_Problem details_
Every line of the material below that holds the string "return" should be copied.

_Dataset excerpts_
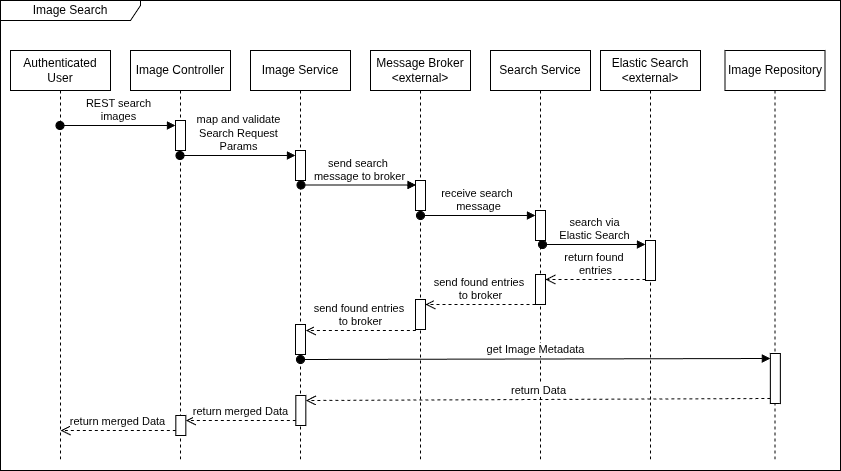

The diagram above was exported from draw.io. Its source (the exported page's mxGraphModel, read from the mxfile embedded in the PNG):
<mxGraphModel dx="1738" dy="546" grid="1" gridSize="10" guides="1" tooltips="1" connect="1" arrows="1" fold="1" page="1" pageScale="1" pageWidth="1169" pageHeight="827" math="0" shadow="0">
  <root>
    <mxCell id="0" />
    <mxCell id="1" parent="0" />
    <mxCell id="5Hab2nx33qCWf91DP9Oq-3" value="Image Search" style="shape=umlFrame;whiteSpace=wrap;html=1;pointerEvents=0;width=140;height=20;" parent="1" vertex="1">
      <mxGeometry x="90" y="40" width="840" height="470" as="geometry" />
    </mxCell>
    <mxCell id="5Hab2nx33qCWf91DP9Oq-4" value="Image Controller" style="shape=umlLifeline;perimeter=lifelinePerimeter;whiteSpace=wrap;html=1;container=1;dropTarget=0;collapsible=0;recursiveResize=0;outlineConnect=0;portConstraint=eastwest;newEdgeStyle={&quot;curved&quot;:0,&quot;rounded&quot;:0};" parent="1" vertex="1">
      <mxGeometry x="220" y="90" width="100" height="410" as="geometry" />
    </mxCell>
    <mxCell id="5Hab2nx33qCWf91DP9Oq-5" value="" style="html=1;points=[[0,0,0,0,5],[0,1,0,0,-5],[1,0,0,0,5],[1,1,0,0,-5]];perimeter=orthogonalPerimeter;outlineConnect=0;targetShapes=umlLifeline;portConstraint=eastwest;newEdgeStyle={&quot;curved&quot;:0,&quot;rounded&quot;:0};" parent="5Hab2nx33qCWf91DP9Oq-4" vertex="1">
      <mxGeometry x="45" y="70" width="10" height="30" as="geometry" />
    </mxCell>
    <mxCell id="5Hab2nx33qCWf91DP9Oq-7" value="Image Service" style="shape=umlLifeline;perimeter=lifelinePerimeter;whiteSpace=wrap;html=1;container=1;dropTarget=0;collapsible=0;recursiveResize=0;outlineConnect=0;portConstraint=eastwest;newEdgeStyle={&quot;curved&quot;:0,&quot;rounded&quot;:0};" parent="1" vertex="1">
      <mxGeometry x="340" y="90" width="100" height="410" as="geometry" />
    </mxCell>
    <mxCell id="5Hab2nx33qCWf91DP9Oq-8" value="" style="html=1;points=[[0,0,0,0,5],[0,1,0,0,-5],[1,0,0,0,5],[1,1,0,0,-5]];perimeter=orthogonalPerimeter;outlineConnect=0;targetShapes=umlLifeline;portConstraint=eastwest;newEdgeStyle={&quot;curved&quot;:0,&quot;rounded&quot;:0};" parent="5Hab2nx33qCWf91DP9Oq-7" vertex="1">
      <mxGeometry x="45" y="100" width="10" height="30" as="geometry" />
    </mxCell>
    <mxCell id="19" value="" style="html=1;points=[[0,0,0,0,5],[0,1,0,0,-5],[1,0,0,0,5],[1,1,0,0,-5]];perimeter=orthogonalPerimeter;outlineConnect=0;targetShapes=umlLifeline;portConstraint=eastwest;newEdgeStyle={&quot;curved&quot;:0,&quot;rounded&quot;:0};" parent="5Hab2nx33qCWf91DP9Oq-7" vertex="1">
      <mxGeometry x="45" y="274" width="10" height="30" as="geometry" />
    </mxCell>
    <mxCell id="5Hab2nx33qCWf91DP9Oq-10" value="Elastic Search&lt;div&gt;&amp;lt;external&amp;gt;&lt;/div&gt;" style="shape=umlLifeline;perimeter=lifelinePerimeter;whiteSpace=wrap;html=1;container=1;dropTarget=0;collapsible=0;recursiveResize=0;outlineConnect=0;portConstraint=eastwest;newEdgeStyle={&quot;curved&quot;:0,&quot;rounded&quot;:0};" parent="1" vertex="1">
      <mxGeometry x="690" y="90" width="100" height="410" as="geometry" />
    </mxCell>
    <mxCell id="5Hab2nx33qCWf91DP9Oq-11" value="" style="html=1;points=[[0,0,0,0,5],[0,1,0,0,-5],[1,0,0,0,5],[1,1,0,0,-5]];perimeter=orthogonalPerimeter;outlineConnect=0;targetShapes=umlLifeline;portConstraint=eastwest;newEdgeStyle={&quot;curved&quot;:0,&quot;rounded&quot;:0};" parent="5Hab2nx33qCWf91DP9Oq-10" vertex="1">
      <mxGeometry x="45" y="190" width="10" height="40" as="geometry" />
    </mxCell>
    <mxCell id="5Hab2nx33qCWf91DP9Oq-16" value="Image Repository" style="shape=umlLifeline;perimeter=lifelinePerimeter;whiteSpace=wrap;html=1;container=1;dropTarget=0;collapsible=0;recursiveResize=0;outlineConnect=0;portConstraint=eastwest;newEdgeStyle={&quot;curved&quot;:0,&quot;rounded&quot;:0};" parent="1" vertex="1">
      <mxGeometry x="814.5" y="90" width="100" height="410" as="geometry" />
    </mxCell>
    <mxCell id="5Hab2nx33qCWf91DP9Oq-18" value="Authenticated&lt;br&gt;User" style="shape=umlLifeline;perimeter=lifelinePerimeter;whiteSpace=wrap;html=1;container=1;dropTarget=0;collapsible=0;recursiveResize=0;outlineConnect=0;portConstraint=eastwest;newEdgeStyle={&quot;curved&quot;:0,&quot;rounded&quot;:0};" parent="1" vertex="1">
      <mxGeometry x="100" y="90" width="100" height="410" as="geometry" />
    </mxCell>
    <mxCell id="5Hab2nx33qCWf91DP9Oq-19" value="REST search&lt;br&gt;images" style="html=1;verticalAlign=bottom;startArrow=oval;endArrow=block;startSize=8;curved=0;rounded=0;entryX=0;entryY=0;entryDx=0;entryDy=5;" parent="1" source="5Hab2nx33qCWf91DP9Oq-18" target="5Hab2nx33qCWf91DP9Oq-5" edge="1">
      <mxGeometry relative="1" as="geometry">
        <mxPoint x="190" y="165" as="sourcePoint" />
      </mxGeometry>
    </mxCell>
    <mxCell id="5Hab2nx33qCWf91DP9Oq-20" value="map and validate&lt;div&gt;Search Request&lt;br&gt;Params&lt;/div&gt;" style="html=1;verticalAlign=bottom;startArrow=oval;endArrow=block;startSize=8;curved=0;rounded=0;entryX=0;entryY=0;entryDx=0;entryDy=5;" parent="1" source="5Hab2nx33qCWf91DP9Oq-4" target="5Hab2nx33qCWf91DP9Oq-8" edge="1">
      <mxGeometry relative="1" as="geometry">
        <mxPoint x="290" y="195" as="sourcePoint" />
      </mxGeometry>
    </mxCell>
    <mxCell id="5Hab2nx33qCWf91DP9Oq-21" value="search via &lt;br&gt;Elastic Search" style="html=1;verticalAlign=bottom;startArrow=oval;endArrow=block;startSize=8;curved=0;rounded=0;" parent="1" target="5Hab2nx33qCWf91DP9Oq-11" edge="1">
      <mxGeometry relative="1" as="geometry">
        <mxPoint x="632" y="284" as="sourcePoint" />
        <mxPoint x="717" y="284" as="targetPoint" />
      </mxGeometry>
    </mxCell>
    <mxCell id="5Hab2nx33qCWf91DP9Oq-23" value="return found&amp;nbsp;&lt;div&gt;entries&lt;/div&gt;" style="html=1;verticalAlign=bottom;endArrow=open;dashed=1;endSize=8;curved=0;rounded=0;entryX=1;entryY=0;entryDx=0;entryDy=5;entryPerimeter=0;" parent="1" source="5Hab2nx33qCWf91DP9Oq-11" target="13" edge="1">
      <mxGeometry relative="1" as="geometry">
        <Array as="points">
          <mxPoint x="672" y="319" />
        </Array>
        <mxPoint x="717" y="319" as="sourcePoint" />
        <mxPoint x="632" y="319" as="targetPoint" />
      </mxGeometry>
    </mxCell>
    <mxCell id="2" value="Message Broker&lt;div&gt;&amp;lt;external&amp;gt;&lt;/div&gt;" style="shape=umlLifeline;perimeter=lifelinePerimeter;whiteSpace=wrap;html=1;container=1;dropTarget=0;collapsible=0;recursiveResize=0;outlineConnect=0;portConstraint=eastwest;newEdgeStyle={&quot;curved&quot;:0,&quot;rounded&quot;:0};" parent="1" vertex="1">
      <mxGeometry x="460" y="90" width="100" height="410" as="geometry" />
    </mxCell>
    <mxCell id="3" value="" style="html=1;points=[[0,0,0,0,5],[0,1,0,0,-5],[1,0,0,0,5],[1,1,0,0,-5]];perimeter=orthogonalPerimeter;outlineConnect=0;targetShapes=umlLifeline;portConstraint=eastwest;newEdgeStyle={&quot;curved&quot;:0,&quot;rounded&quot;:0};" parent="2" vertex="1">
      <mxGeometry x="45" y="130" width="10" height="30" as="geometry" />
    </mxCell>
    <mxCell id="15" value="" style="html=1;points=[[0,0,0,0,5],[0,1,0,0,-5],[1,0,0,0,5],[1,1,0,0,-5]];perimeter=orthogonalPerimeter;outlineConnect=0;targetShapes=umlLifeline;portConstraint=eastwest;newEdgeStyle={&quot;curved&quot;:0,&quot;rounded&quot;:0};" parent="2" vertex="1">
      <mxGeometry x="45" y="249" width="10" height="30" as="geometry" />
    </mxCell>
    <mxCell id="6" value="Search Service" style="shape=umlLifeline;perimeter=lifelinePerimeter;whiteSpace=wrap;html=1;container=1;dropTarget=0;collapsible=0;recursiveResize=0;outlineConnect=0;portConstraint=eastwest;newEdgeStyle={&quot;curved&quot;:0,&quot;rounded&quot;:0};" parent="1" vertex="1">
      <mxGeometry x="580" y="90" width="100" height="410" as="geometry" />
    </mxCell>
    <mxCell id="7" value="" style="html=1;points=[[0,0,0,0,5],[0,1,0,0,-5],[1,0,0,0,5],[1,1,0,0,-5]];perimeter=orthogonalPerimeter;outlineConnect=0;targetShapes=umlLifeline;portConstraint=eastwest;newEdgeStyle={&quot;curved&quot;:0,&quot;rounded&quot;:0};" parent="6" vertex="1">
      <mxGeometry x="45" y="160" width="10" height="30" as="geometry" />
    </mxCell>
    <mxCell id="13" value="" style="html=1;points=[[0,0,0,0,5],[0,1,0,0,-5],[1,0,0,0,5],[1,1,0,0,-5]];perimeter=orthogonalPerimeter;outlineConnect=0;targetShapes=umlLifeline;portConstraint=eastwest;newEdgeStyle={&quot;curved&quot;:0,&quot;rounded&quot;:0};" parent="6" vertex="1">
      <mxGeometry x="45" y="224" width="10" height="30" as="geometry" />
    </mxCell>
    <mxCell id="11" value="send search&amp;nbsp;&lt;div&gt;message to broker&lt;/div&gt;" style="html=1;verticalAlign=bottom;startArrow=oval;endArrow=block;startSize=8;curved=0;rounded=0;entryX=0;entryY=0;entryDx=0;entryDy=5;" parent="1" edge="1">
      <mxGeometry relative="1" as="geometry">
        <mxPoint x="390.5" y="224.5" as="sourcePoint" />
        <mxPoint x="505.5" y="224.5" as="targetPoint" />
      </mxGeometry>
    </mxCell>
    <mxCell id="12" value="receive search&amp;nbsp;&lt;div&gt;message&lt;/div&gt;" style="html=1;verticalAlign=bottom;startArrow=oval;endArrow=block;startSize=8;curved=0;rounded=0;entryX=0;entryY=0;entryDx=0;entryDy=5;" parent="1" edge="1">
      <mxGeometry relative="1" as="geometry">
        <mxPoint x="510" y="255" as="sourcePoint" />
        <mxPoint x="625" y="255" as="targetPoint" />
      </mxGeometry>
    </mxCell>
    <mxCell id="5Hab2nx33qCWf91DP9Oq-6" value="" style="html=1;points=[[0,0,0,0,5],[0,1,0,0,-5],[1,0,0,0,5],[1,1,0,0,-5]];perimeter=orthogonalPerimeter;outlineConnect=0;targetShapes=umlLifeline;portConstraint=eastwest;newEdgeStyle={&quot;curved&quot;:0,&quot;rounded&quot;:0};" parent="1" vertex="1">
      <mxGeometry x="265.34000000000003" y="455" width="10" height="20" as="geometry" />
    </mxCell>
    <mxCell id="5Hab2nx33qCWf91DP9Oq-9" value="" style="html=1;points=[[0,0,0,0,5],[0,1,0,0,-5],[1,0,0,0,5],[1,1,0,0,-5]];perimeter=orthogonalPerimeter;outlineConnect=0;targetShapes=umlLifeline;portConstraint=eastwest;newEdgeStyle={&quot;curved&quot;:0,&quot;rounded&quot;:0};" parent="1" vertex="1">
      <mxGeometry x="385.34000000000003" y="435" width="10" height="30" as="geometry" />
    </mxCell>
    <mxCell id="5Hab2nx33qCWf91DP9Oq-17" value="" style="html=1;points=[[0,0,0,0,5],[0,1,0,0,-5],[1,0,0,0,5],[1,1,0,0,-5]];perimeter=orthogonalPerimeter;outlineConnect=0;targetShapes=umlLifeline;portConstraint=eastwest;newEdgeStyle={&quot;curved&quot;:0,&quot;rounded&quot;:0};" parent="1" vertex="1">
      <mxGeometry x="859.84" y="393" width="10" height="50" as="geometry" />
    </mxCell>
    <mxCell id="5Hab2nx33qCWf91DP9Oq-24" value="get Image Metadata" style="html=1;verticalAlign=bottom;startArrow=oval;endArrow=block;startSize=8;curved=0;rounded=0;entryX=0;entryY=0;entryDx=0;entryDy=5;entryPerimeter=0;" parent="1" target="5Hab2nx33qCWf91DP9Oq-17" edge="1">
      <mxGeometry relative="1" as="geometry">
        <mxPoint x="390" y="399" as="sourcePoint" />
        <mxPoint x="630.13" y="348" as="targetPoint" />
      </mxGeometry>
    </mxCell>
    <mxCell id="5Hab2nx33qCWf91DP9Oq-25" value="return Data" style="html=1;verticalAlign=bottom;endArrow=open;dashed=1;endSize=8;curved=0;rounded=0;exitX=0;exitY=1;exitDx=0;exitDy=-5;exitPerimeter=0;entryX=1;entryY=0;entryDx=0;entryDy=5;entryPerimeter=0;" parent="1" source="5Hab2nx33qCWf91DP9Oq-17" target="5Hab2nx33qCWf91DP9Oq-9" edge="1">
      <mxGeometry relative="1" as="geometry">
        <mxPoint x="674.9100000000001" y="368" as="sourcePoint" />
        <mxPoint x="515.3385714285714" y="373" as="targetPoint" />
      </mxGeometry>
    </mxCell>
    <mxCell id="5Hab2nx33qCWf91DP9Oq-27" value="return merged Data" style="html=1;verticalAlign=bottom;endArrow=open;dashed=1;endSize=8;rounded=0;entryX=1;entryY=0;entryDx=0;entryDy=5;entryPerimeter=0;" parent="1" source="5Hab2nx33qCWf91DP9Oq-9" target="5Hab2nx33qCWf91DP9Oq-6" edge="1">
      <mxGeometry relative="1" as="geometry">
        <mxPoint x="370.34" y="465" as="sourcePoint" />
        <mxPoint x="270.2685714285714" y="465" as="targetPoint" />
      </mxGeometry>
    </mxCell>
    <mxCell id="5Hab2nx33qCWf91DP9Oq-28" value="return merged Data" style="html=1;verticalAlign=bottom;endArrow=open;dashed=1;endSize=8;rounded=0;exitX=0;exitY=1;exitDx=0;exitDy=-5;exitPerimeter=0;" parent="1" source="5Hab2nx33qCWf91DP9Oq-6" edge="1">
      <mxGeometry relative="1" as="geometry">
        <mxPoint x="269.84" y="475" as="sourcePoint" />
        <mxPoint x="150.15034482758605" y="470" as="targetPoint" />
      </mxGeometry>
    </mxCell>
    <mxCell id="14" value="send found entries&amp;nbsp;&lt;div&gt;to broker&lt;/div&gt;" style="html=1;verticalAlign=bottom;endArrow=open;dashed=1;endSize=8;curved=0;rounded=0;entryX=1;entryY=0;entryDx=0;entryDy=5;entryPerimeter=0;" parent="1" target="15" edge="1">
      <mxGeometry relative="1" as="geometry">
        <Array as="points">
          <mxPoint x="562" y="344" />
        </Array>
        <mxPoint x="625" y="344" as="sourcePoint" />
        <mxPoint x="525" y="344" as="targetPoint" />
      </mxGeometry>
    </mxCell>
    <mxCell id="16" value="send found entries&amp;nbsp;&lt;div&gt;to broker&lt;/div&gt;" style="html=1;verticalAlign=bottom;endArrow=open;dashed=1;endSize=8;curved=0;rounded=0;entryX=1;entryY=0;entryDx=0;entryDy=5;entryPerimeter=0;" parent="1" edge="1">
      <mxGeometry relative="1" as="geometry">
        <Array as="points">
          <mxPoint x="442.34000000000003" y="370" />
        </Array>
        <mxPoint x="505.34000000000003" y="370" as="sourcePoint" />
        <mxPoint x="395.34000000000003" y="370" as="targetPoint" />
      </mxGeometry>
    </mxCell>
  </root>
</mxGraphModel>

_Answer box_
    <mxCell id="5Hab2nx33qCWf91DP9Oq-23" value="return found&amp;nbsp;&lt;div&gt;entries&lt;/div&gt;" style="html=1;verticalAlign=bottom;endArrow=open;dashed=1;endSize=8;curved=0;rounded=0;entryX=1;entryY=0;entryDx=0;entryDy=5;entryPerimeter=0;" parent="1" source="5Hab2nx33qCWf91DP9Oq-11" target="13" edge="1">
    <mxCell id="5Hab2nx33qCWf91DP9Oq-25" value="return Data" style="html=1;verticalAlign=bottom;endArrow=open;dashed=1;endSize=8;curved=0;rounded=0;exitX=0;exitY=1;exitDx=0;exitDy=-5;exitPerimeter=0;entryX=1;entryY=0;entryDx=0;entryDy=5;entryPerimeter=0;" parent="1" source="5Hab2nx33qCWf91DP9Oq-17" target="5Hab2nx33qCWf91DP9Oq-9" edge="1">
    <mxCell id="5Hab2nx33qCWf91DP9Oq-27" value="return merged Data" style="html=1;verticalAlign=bottom;endArrow=open;dashed=1;endSize=8;rounded=0;entryX=1;entryY=0;entryDx=0;entryDy=5;entryPerimeter=0;" parent="1" source="5Hab2nx33qCWf91DP9Oq-9" target="5Hab2nx33qCWf91DP9Oq-6" edge="1">
    <mxCell id="5Hab2nx33qCWf91DP9Oq-28" value="return merged Data" style="html=1;verticalAlign=bottom;endArrow=open;dashed=1;endSize=8;rounded=0;exitX=0;exitY=1;exitDx=0;exitDy=-5;exitPerimeter=0;" parent="1" source="5Hab2nx33qCWf91DP9Oq-6" edge="1">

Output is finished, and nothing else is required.